Only the opening and closing passages of Heretic are based on real history. The plague happened, as did the siege and capture of Calais, but everything in between is fictional. There is no town of Berat, nor a bastide called Castillon d'Arbizon. There is an Astarac, but whatever was built there now lies under the waters of a great reservoir. The fight which begins the book, the capture of Nifulay and its tower, did happen, but the victory gained the French no advantage for they were unable to cross the River Ham and engage the main English army. So the French withdrew, Calais fell and the port remained in English hands for another three centuries. The story of the six burghers of Calais being condemned to death, then reprieved, is well known and Rodin's statue of the six, in front of the town's hall, commemorates the event.
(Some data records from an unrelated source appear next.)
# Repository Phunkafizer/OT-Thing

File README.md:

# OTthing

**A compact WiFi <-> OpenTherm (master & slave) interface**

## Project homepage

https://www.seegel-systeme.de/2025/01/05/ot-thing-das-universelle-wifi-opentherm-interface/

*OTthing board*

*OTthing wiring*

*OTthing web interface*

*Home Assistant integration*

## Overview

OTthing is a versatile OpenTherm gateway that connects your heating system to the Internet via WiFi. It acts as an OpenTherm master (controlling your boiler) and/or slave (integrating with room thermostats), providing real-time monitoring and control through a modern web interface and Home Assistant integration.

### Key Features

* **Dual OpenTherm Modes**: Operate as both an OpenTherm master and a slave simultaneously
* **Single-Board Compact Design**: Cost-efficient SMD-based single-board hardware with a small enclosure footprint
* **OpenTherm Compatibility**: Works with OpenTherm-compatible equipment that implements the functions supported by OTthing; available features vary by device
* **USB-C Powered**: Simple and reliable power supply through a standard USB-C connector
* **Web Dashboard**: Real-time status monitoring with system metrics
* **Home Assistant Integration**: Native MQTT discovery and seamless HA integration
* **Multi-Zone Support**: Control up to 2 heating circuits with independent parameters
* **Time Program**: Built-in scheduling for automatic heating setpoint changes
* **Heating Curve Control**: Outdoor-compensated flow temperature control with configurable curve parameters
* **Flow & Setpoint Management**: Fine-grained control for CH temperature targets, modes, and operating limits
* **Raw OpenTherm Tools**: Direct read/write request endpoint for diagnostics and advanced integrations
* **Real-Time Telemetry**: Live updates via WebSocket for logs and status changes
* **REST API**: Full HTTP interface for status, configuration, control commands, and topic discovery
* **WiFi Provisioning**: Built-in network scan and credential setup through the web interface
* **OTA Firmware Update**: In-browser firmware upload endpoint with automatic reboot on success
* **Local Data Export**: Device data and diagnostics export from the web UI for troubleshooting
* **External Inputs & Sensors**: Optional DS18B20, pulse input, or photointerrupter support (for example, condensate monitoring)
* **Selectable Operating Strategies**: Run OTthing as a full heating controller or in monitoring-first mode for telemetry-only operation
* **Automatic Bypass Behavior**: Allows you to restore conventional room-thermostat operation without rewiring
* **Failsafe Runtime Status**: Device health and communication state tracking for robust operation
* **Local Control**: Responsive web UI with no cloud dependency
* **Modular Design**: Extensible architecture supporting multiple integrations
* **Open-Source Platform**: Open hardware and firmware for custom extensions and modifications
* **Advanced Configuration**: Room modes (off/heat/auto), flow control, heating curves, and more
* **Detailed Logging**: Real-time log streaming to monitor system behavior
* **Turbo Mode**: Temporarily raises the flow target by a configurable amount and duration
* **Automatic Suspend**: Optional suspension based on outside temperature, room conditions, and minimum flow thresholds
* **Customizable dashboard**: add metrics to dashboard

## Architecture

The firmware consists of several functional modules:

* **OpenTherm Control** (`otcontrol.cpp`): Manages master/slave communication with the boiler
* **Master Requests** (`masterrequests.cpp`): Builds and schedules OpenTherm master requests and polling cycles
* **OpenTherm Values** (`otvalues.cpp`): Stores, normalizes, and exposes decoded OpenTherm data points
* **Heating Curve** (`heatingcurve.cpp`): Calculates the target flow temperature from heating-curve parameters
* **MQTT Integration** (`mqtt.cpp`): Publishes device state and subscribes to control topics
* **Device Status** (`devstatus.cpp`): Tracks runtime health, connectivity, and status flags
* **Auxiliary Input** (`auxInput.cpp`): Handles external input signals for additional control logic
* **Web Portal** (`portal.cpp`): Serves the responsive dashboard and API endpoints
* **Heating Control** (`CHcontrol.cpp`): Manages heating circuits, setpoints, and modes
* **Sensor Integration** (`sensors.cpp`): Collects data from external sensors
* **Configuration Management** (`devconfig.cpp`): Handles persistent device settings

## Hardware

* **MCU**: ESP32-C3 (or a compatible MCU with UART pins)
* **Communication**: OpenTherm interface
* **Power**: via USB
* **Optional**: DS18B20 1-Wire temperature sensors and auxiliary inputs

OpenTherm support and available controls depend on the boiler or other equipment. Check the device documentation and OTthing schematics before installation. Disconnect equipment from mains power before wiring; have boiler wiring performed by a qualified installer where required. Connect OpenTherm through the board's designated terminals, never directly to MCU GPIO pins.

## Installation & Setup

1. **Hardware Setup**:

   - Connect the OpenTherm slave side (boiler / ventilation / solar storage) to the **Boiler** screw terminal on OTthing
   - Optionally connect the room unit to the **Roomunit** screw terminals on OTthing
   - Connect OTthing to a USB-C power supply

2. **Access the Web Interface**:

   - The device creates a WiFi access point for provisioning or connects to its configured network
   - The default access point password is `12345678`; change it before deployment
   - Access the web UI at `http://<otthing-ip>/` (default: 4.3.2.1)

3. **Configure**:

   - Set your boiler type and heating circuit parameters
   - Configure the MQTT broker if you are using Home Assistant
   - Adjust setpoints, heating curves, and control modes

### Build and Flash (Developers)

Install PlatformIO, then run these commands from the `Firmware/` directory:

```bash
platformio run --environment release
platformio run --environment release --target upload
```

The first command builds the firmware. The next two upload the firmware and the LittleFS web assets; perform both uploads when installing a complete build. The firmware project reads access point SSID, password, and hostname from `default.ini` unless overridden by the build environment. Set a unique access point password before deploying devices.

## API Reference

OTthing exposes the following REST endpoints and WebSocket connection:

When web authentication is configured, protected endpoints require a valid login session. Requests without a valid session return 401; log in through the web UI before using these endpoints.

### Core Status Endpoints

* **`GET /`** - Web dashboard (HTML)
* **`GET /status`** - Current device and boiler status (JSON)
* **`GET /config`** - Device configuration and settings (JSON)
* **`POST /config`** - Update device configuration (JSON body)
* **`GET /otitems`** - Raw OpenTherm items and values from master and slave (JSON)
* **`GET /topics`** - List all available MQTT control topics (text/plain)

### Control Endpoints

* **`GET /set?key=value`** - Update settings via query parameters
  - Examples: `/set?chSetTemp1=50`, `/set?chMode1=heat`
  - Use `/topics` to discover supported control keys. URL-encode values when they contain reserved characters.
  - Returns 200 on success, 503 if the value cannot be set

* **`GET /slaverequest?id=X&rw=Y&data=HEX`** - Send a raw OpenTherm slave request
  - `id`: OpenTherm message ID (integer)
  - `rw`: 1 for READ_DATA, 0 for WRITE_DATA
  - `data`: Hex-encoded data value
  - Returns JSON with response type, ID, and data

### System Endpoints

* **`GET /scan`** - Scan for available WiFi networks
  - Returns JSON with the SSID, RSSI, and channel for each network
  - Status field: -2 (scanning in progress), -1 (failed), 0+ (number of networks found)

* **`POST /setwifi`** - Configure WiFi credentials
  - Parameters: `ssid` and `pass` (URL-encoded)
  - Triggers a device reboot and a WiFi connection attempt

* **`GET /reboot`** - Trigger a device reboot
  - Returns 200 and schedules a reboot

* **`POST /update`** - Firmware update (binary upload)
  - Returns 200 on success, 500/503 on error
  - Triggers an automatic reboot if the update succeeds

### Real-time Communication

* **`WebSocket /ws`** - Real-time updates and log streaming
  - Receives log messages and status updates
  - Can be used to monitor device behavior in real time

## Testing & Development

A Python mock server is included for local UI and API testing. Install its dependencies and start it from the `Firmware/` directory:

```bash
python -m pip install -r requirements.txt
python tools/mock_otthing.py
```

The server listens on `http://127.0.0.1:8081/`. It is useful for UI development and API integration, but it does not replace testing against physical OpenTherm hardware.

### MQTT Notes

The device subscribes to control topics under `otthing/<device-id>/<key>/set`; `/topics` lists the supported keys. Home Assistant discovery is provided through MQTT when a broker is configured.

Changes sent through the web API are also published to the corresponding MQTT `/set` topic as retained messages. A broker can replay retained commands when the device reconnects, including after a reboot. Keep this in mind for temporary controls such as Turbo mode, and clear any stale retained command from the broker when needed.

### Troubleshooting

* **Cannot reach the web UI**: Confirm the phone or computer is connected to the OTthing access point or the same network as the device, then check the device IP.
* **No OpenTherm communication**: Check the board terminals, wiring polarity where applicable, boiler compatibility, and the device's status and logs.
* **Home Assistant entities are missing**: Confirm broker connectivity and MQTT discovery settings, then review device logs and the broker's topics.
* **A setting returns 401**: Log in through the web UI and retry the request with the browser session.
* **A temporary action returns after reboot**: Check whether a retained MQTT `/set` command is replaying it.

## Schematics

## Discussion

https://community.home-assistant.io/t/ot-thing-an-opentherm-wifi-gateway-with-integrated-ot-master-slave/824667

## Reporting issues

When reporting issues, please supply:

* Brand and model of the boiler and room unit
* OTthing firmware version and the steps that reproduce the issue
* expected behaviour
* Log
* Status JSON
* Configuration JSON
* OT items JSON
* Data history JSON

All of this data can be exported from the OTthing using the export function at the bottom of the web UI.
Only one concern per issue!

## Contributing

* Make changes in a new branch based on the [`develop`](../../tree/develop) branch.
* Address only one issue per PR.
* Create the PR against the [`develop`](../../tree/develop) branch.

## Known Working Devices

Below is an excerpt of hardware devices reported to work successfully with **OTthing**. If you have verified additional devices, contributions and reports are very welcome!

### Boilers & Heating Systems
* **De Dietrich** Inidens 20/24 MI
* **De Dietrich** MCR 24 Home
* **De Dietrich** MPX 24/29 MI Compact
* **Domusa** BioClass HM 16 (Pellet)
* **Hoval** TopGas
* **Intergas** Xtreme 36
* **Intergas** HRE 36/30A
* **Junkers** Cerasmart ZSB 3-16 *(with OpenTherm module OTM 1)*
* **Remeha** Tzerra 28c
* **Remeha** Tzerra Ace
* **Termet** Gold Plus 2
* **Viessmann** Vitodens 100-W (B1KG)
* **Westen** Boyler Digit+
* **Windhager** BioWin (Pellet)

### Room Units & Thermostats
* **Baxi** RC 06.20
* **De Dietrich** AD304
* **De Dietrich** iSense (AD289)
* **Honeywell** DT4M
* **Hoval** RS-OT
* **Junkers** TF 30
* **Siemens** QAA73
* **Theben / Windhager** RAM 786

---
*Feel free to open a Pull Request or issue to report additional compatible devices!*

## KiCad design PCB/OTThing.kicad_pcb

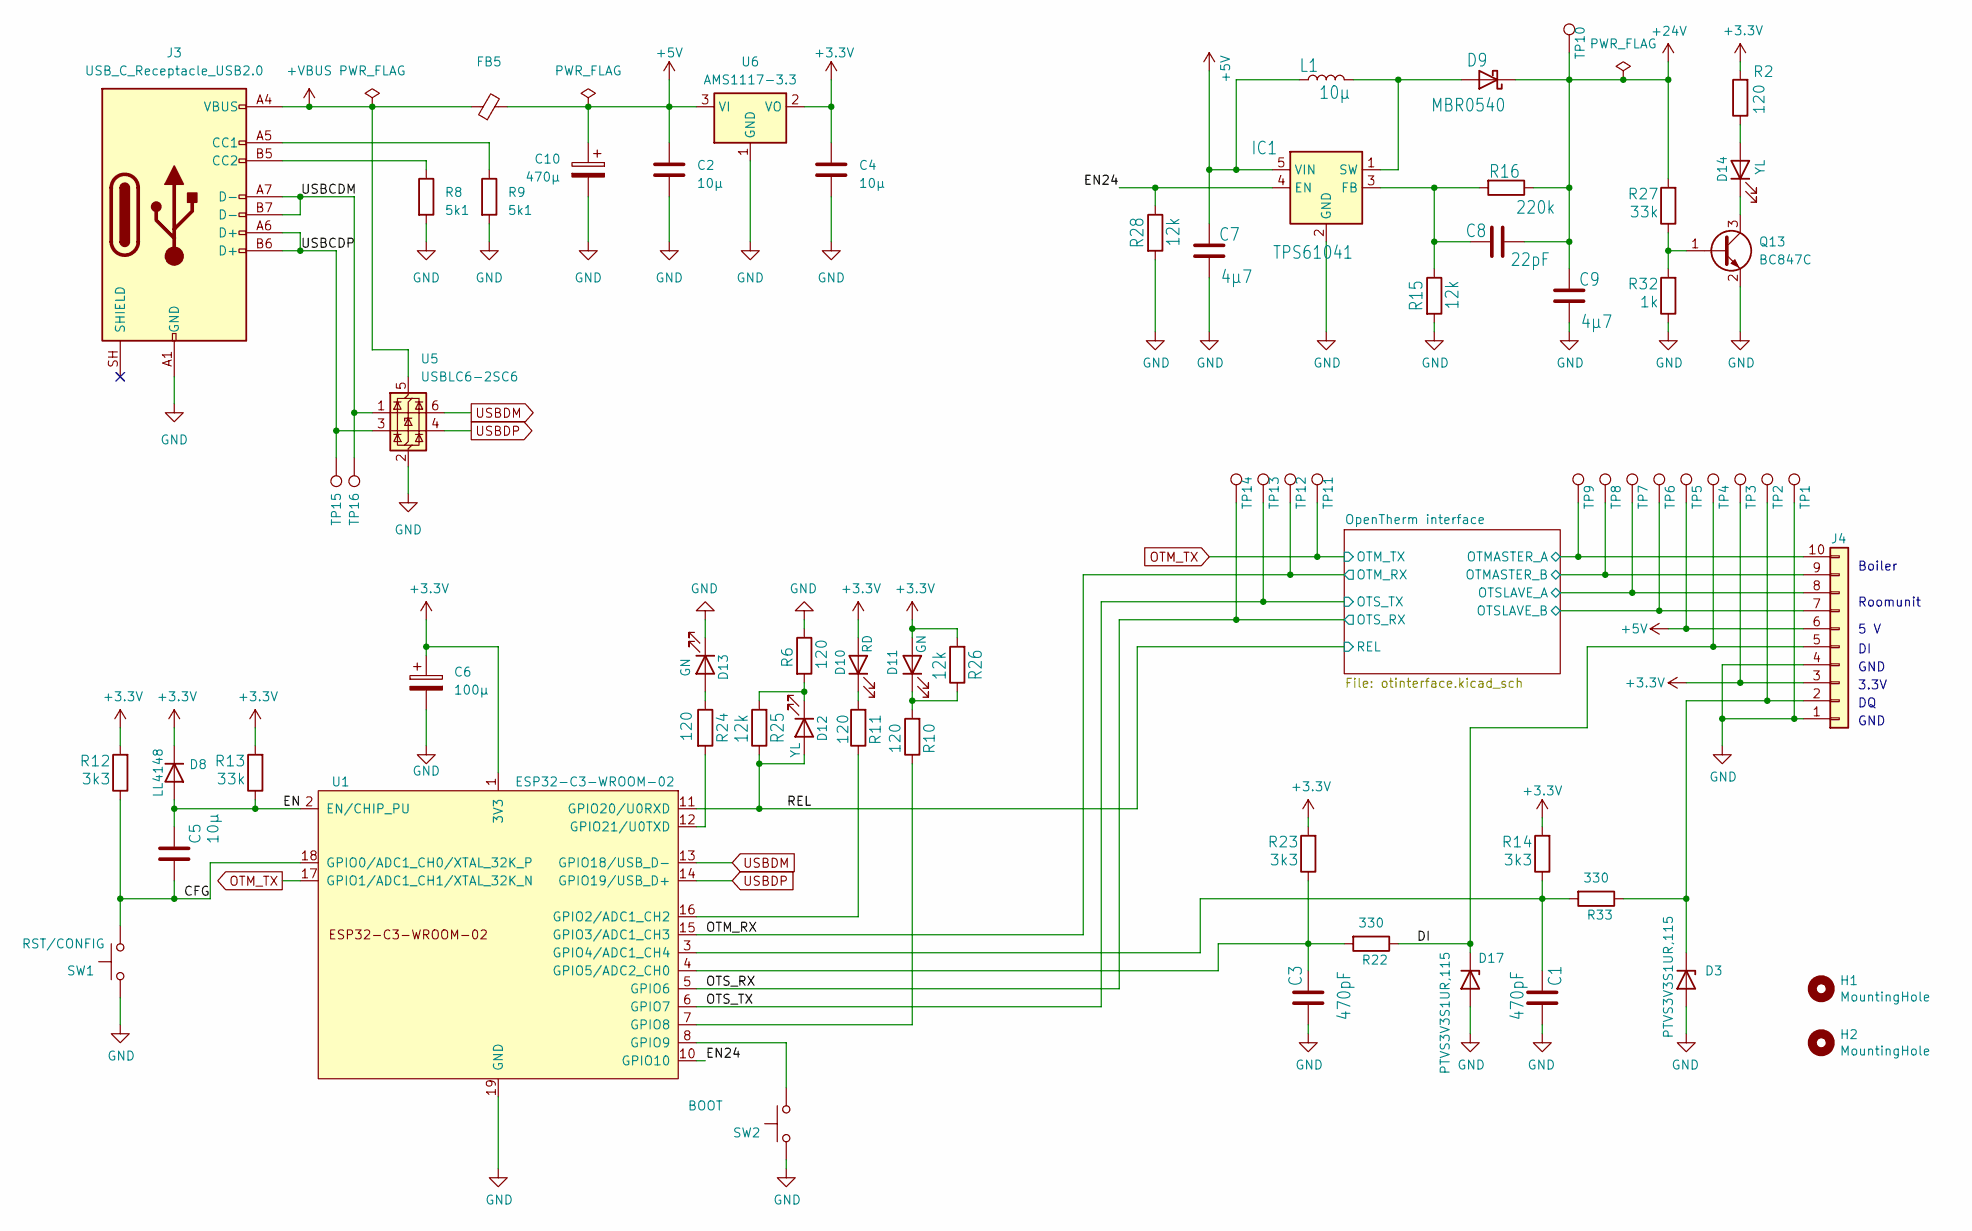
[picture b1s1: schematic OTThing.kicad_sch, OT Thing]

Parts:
C1, C3: 470pF; C_0805_2012Metric; LCSC C62771
C2, C4, C5: 10µ; C_0805_2012Metric; LCSC C90543
C6: 100µ; CP_Elec_6.3x5.4; LCSC C2887276
C7, C9: 4µ7; C_0805_2012Metric; LCSC C2918489
C8: 22pF; C_0805_2012Metric; LCSC C24658
C10: 470µ; CP_Elec_6.3x7.7; LCSC C87858
D3, D17: PTVS3V3S1UR,115; D_SOD-123; LCSC C183521
D8: LL4148; D_MiniMELF; LCSC C435829
D9: MBR0540; D_SOD-123; LCSC C116159
D10: RD; LED_0805_2012Metric; LCSC C2943978
D11, D13: GN; LED_0805_2012Metric; LCSC C965815
D12, D14: YL; LED_0805_2012Metric; LCSC C965816
FB5: L_0603_1608Metric; LCSC C1002
H1, H2: MountingHole; MountingHole_2.5mm
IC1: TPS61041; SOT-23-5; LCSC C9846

Thomas's language difficulties in Gascony were real enough. The aristocracy there, as in England, used French, but the common folk had a variety of local languages, chiefly Occitan, from which the modern Languedoc comes. Languedoc simply means the language of oc', because oc was the word for yes, and it is closely related to Catalan, the language spoken just across the Pyrenees in northern Spain. The French, conquering the territory to their south, tried to suppress the language, but it is still spoken and is now enjoying something of a revival.
As for the Grail? Long gone, I suspect. Some say it was the cup Christ used at the Last Supper, and others that it was the bowl used to catch his blood from the dolorous blow', the lance wound given to his side during the crucifixion. Whatever it was, it has never been found, though rumours persist and some say it is hidden in Scotland. It was, nevertheless, the most prized relic of medieval Christendom, perhaps because it was so mysterious, or else because, when the Arthurian tales received their final form, all the old Celtic tales of magic cauldrons became confused with the Grail. It has also been a golden thread through centuries of stories, and will go on being that, which is why it is probably best if it remains undiscovered.